- Task
The records below must be transcribed precisely and in full.

- Information shown
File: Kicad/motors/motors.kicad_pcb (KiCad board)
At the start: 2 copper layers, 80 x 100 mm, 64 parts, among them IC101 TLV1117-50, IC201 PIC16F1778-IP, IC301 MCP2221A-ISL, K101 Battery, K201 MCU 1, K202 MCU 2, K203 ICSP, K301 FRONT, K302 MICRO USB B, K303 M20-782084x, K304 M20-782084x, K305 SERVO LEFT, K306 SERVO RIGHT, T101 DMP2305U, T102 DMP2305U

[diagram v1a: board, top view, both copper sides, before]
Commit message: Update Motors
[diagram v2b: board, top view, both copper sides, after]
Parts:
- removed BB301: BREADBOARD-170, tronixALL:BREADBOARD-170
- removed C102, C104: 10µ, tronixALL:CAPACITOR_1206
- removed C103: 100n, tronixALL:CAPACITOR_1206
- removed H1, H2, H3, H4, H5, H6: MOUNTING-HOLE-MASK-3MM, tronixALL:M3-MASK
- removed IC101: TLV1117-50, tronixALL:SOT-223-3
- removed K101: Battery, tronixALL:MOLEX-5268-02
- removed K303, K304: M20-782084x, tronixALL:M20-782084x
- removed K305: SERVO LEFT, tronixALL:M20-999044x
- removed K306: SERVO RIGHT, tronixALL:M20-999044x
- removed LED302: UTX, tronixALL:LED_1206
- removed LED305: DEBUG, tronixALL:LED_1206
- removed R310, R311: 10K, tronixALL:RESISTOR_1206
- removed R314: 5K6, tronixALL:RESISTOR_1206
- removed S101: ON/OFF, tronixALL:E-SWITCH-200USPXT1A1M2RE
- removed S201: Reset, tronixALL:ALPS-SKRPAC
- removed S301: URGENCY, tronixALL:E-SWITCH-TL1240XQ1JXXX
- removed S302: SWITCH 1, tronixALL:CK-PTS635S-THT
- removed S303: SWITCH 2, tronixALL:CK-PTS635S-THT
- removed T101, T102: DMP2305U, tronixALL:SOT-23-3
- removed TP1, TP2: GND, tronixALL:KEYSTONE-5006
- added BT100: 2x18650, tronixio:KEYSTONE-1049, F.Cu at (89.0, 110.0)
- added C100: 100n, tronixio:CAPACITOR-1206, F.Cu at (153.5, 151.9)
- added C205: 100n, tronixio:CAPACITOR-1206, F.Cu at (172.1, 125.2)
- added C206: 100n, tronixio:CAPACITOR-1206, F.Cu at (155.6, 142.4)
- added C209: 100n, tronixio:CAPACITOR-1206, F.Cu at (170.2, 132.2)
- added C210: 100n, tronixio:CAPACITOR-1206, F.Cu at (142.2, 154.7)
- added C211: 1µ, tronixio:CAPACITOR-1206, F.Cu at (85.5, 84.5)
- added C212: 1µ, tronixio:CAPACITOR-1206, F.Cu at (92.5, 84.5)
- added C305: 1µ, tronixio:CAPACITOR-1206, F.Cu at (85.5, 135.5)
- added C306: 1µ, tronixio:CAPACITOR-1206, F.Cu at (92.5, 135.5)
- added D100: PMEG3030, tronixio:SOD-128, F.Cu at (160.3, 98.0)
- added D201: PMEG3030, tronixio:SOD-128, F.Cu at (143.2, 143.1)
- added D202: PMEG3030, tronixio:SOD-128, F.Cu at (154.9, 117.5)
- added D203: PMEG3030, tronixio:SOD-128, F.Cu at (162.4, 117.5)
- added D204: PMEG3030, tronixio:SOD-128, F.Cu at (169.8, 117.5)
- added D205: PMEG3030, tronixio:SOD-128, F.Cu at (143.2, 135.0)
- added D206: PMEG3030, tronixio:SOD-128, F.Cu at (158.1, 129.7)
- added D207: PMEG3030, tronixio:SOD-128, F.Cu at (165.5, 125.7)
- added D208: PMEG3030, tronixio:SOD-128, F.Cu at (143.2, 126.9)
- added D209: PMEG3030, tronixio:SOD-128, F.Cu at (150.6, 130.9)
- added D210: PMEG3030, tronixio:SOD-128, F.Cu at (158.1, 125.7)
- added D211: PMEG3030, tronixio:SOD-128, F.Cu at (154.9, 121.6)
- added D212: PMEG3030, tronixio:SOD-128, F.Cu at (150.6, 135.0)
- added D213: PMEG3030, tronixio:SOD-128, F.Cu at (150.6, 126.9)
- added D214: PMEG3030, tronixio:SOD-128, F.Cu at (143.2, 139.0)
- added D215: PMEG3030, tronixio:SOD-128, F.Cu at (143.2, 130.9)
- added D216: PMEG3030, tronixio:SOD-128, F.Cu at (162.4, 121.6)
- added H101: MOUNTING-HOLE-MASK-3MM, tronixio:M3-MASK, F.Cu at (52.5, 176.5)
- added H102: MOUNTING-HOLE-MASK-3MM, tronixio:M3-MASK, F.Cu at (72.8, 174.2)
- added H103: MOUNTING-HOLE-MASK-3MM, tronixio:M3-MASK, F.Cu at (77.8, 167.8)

- Solution for this exercise
File: Kicad/motors/motors.kicad_pcb (KiCad board)
At the start: 2 copper layers, 80 x 100 mm, 64 parts, among them IC101 TLV1117-50, IC201 PIC16F1778-IP, IC301 MCP2221A-ISL, K101 Battery, K201 MCU 1, K202 MCU 2, K203 ICSP, K301 FRONT, K302 MICRO USB B, K303 M20-782084x, K304 M20-782084x, K305 SERVO LEFT, K306 SERVO RIGHT, T101 DMP2305U, T102 DMP2305U

[diagram v1a: board, top view, both copper sides, before]
Commit message: Update Motors
[diagram v2b: board, top view, both copper sides, after]
Parts:
- removed BB301: BREADBOARD-170, tronixALL:BREADBOARD-170
- removed C102, C104: 10µ, tronixALL:CAPACITOR_1206
- removed C103: 100n, tronixALL:CAPACITOR_1206
- removed H1, H2, H3, H4, H5, H6: MOUNTING-HOLE-MASK-3MM, tronixALL:M3-MASK
- removed IC101: TLV1117-50, tronixALL:SOT-223-3
- removed K101: Battery, tronixALL:MOLEX-5268-02
- removed K303, K304: M20-782084x, tronixALL:M20-782084x
- removed K305: SERVO LEFT, tronixALL:M20-999044x
- removed K306: SERVO RIGHT, tronixALL:M20-999044x
- removed LED302: UTX, tronixALL:LED_1206
- removed LED305: DEBUG, tronixALL:LED_1206
- removed R310, R311: 10K, tronixALL:RESISTOR_1206
- removed R314: 5K6, tronixALL:RESISTOR_1206
- removed S101: ON/OFF, tronixALL:E-SWITCH-200USPXT1A1M2RE
- removed S201: Reset, tronixALL:ALPS-SKRPAC
- removed S301: URGENCY, tronixALL:E-SWITCH-TL1240XQ1JXXX
- removed S302: SWITCH 1, tronixALL:CK-PTS635S-THT
- removed S303: SWITCH 2, tronixALL:CK-PTS635S-THT
- removed T101, T102: DMP2305U, tronixALL:SOT-23-3
- removed TP1, TP2: GND, tronixALL:KEYSTONE-5006
- added BT100: 2x18650, tronixio:KEYSTONE-1049, F.Cu at (89.0, 110.0)
- added C100: 100n, tronixio:CAPACITOR-1206, F.Cu at (153.5, 151.9)
- added C205: 100n, tronixio:CAPACITOR-1206, F.Cu at (172.1, 125.2)
- added C206: 100n, tronixio:CAPACITOR-1206, F.Cu at (155.6, 142.4)
- added C209: 100n, tronixio:CAPACITOR-1206, F.Cu at (170.2, 132.2)
- added C210: 100n, tronixio:CAPACITOR-1206, F.Cu at (142.2, 154.7)
- added C211: 1µ, tronixio:CAPACITOR-1206, F.Cu at (85.5, 84.5)
- added C212: 1µ, tronixio:CAPACITOR-1206, F.Cu at (92.5, 84.5)
- added C305: 1µ, tronixio:CAPACITOR-1206, F.Cu at (85.5, 135.5)
- added C306: 1µ, tronixio:CAPACITOR-1206, F.Cu at (92.5, 135.5)
- added D100: PMEG3030, tronixio:SOD-128, F.Cu at (160.3, 98.0)
- added D201: PMEG3030, tronixio:SOD-128, F.Cu at (143.2, 143.1)
- added D202: PMEG3030, tronixio:SOD-128, F.Cu at (154.9, 117.5)
- added D203: PMEG3030, tronixio:SOD-128, F.Cu at (162.4, 117.5)
- added D204: PMEG3030, tronixio:SOD-128, F.Cu at (169.8, 117.5)
- added D205: PMEG3030, tronixio:SOD-128, F.Cu at (143.2, 135.0)
- added D206: PMEG3030, tronixio:SOD-128, F.Cu at (158.1, 129.7)
- added D207: PMEG3030, tronixio:SOD-128, F.Cu at (165.5, 125.7)
- added D208: PMEG3030, tronixio:SOD-128, F.Cu at (143.2, 126.9)
- added D209: PMEG3030, tronixio:SOD-128, F.Cu at (150.6, 130.9)
- added D210: PMEG3030, tronixio:SOD-128, F.Cu at (158.1, 125.7)
- added D211: PMEG3030, tronixio:SOD-128, F.Cu at (154.9, 121.6)
- added D212: PMEG3030, tronixio:SOD-128, F.Cu at (150.6, 135.0)
- added D213: PMEG3030, tronixio:SOD-128, F.Cu at (150.6, 126.9)
- added D214: PMEG3030, tronixio:SOD-128, F.Cu at (143.2, 139.0)
- added D215: PMEG3030, tronixio:SOD-128, F.Cu at (143.2, 130.9)
- added D216: PMEG3030, tronixio:SOD-128, F.Cu at (162.4, 121.6)
- added H101: MOUNTING-HOLE-MASK-3MM, tronixio:M3-MASK, F.Cu at (52.5, 176.5)
- added H102: MOUNTING-HOLE-MASK-3MM, tronixio:M3-MASK, F.Cu at (72.8, 174.2)
- added H103: MOUNTING-HOLE-MASK-3MM, tronixio:M3-MASK, F.Cu at (77.8, 167.8)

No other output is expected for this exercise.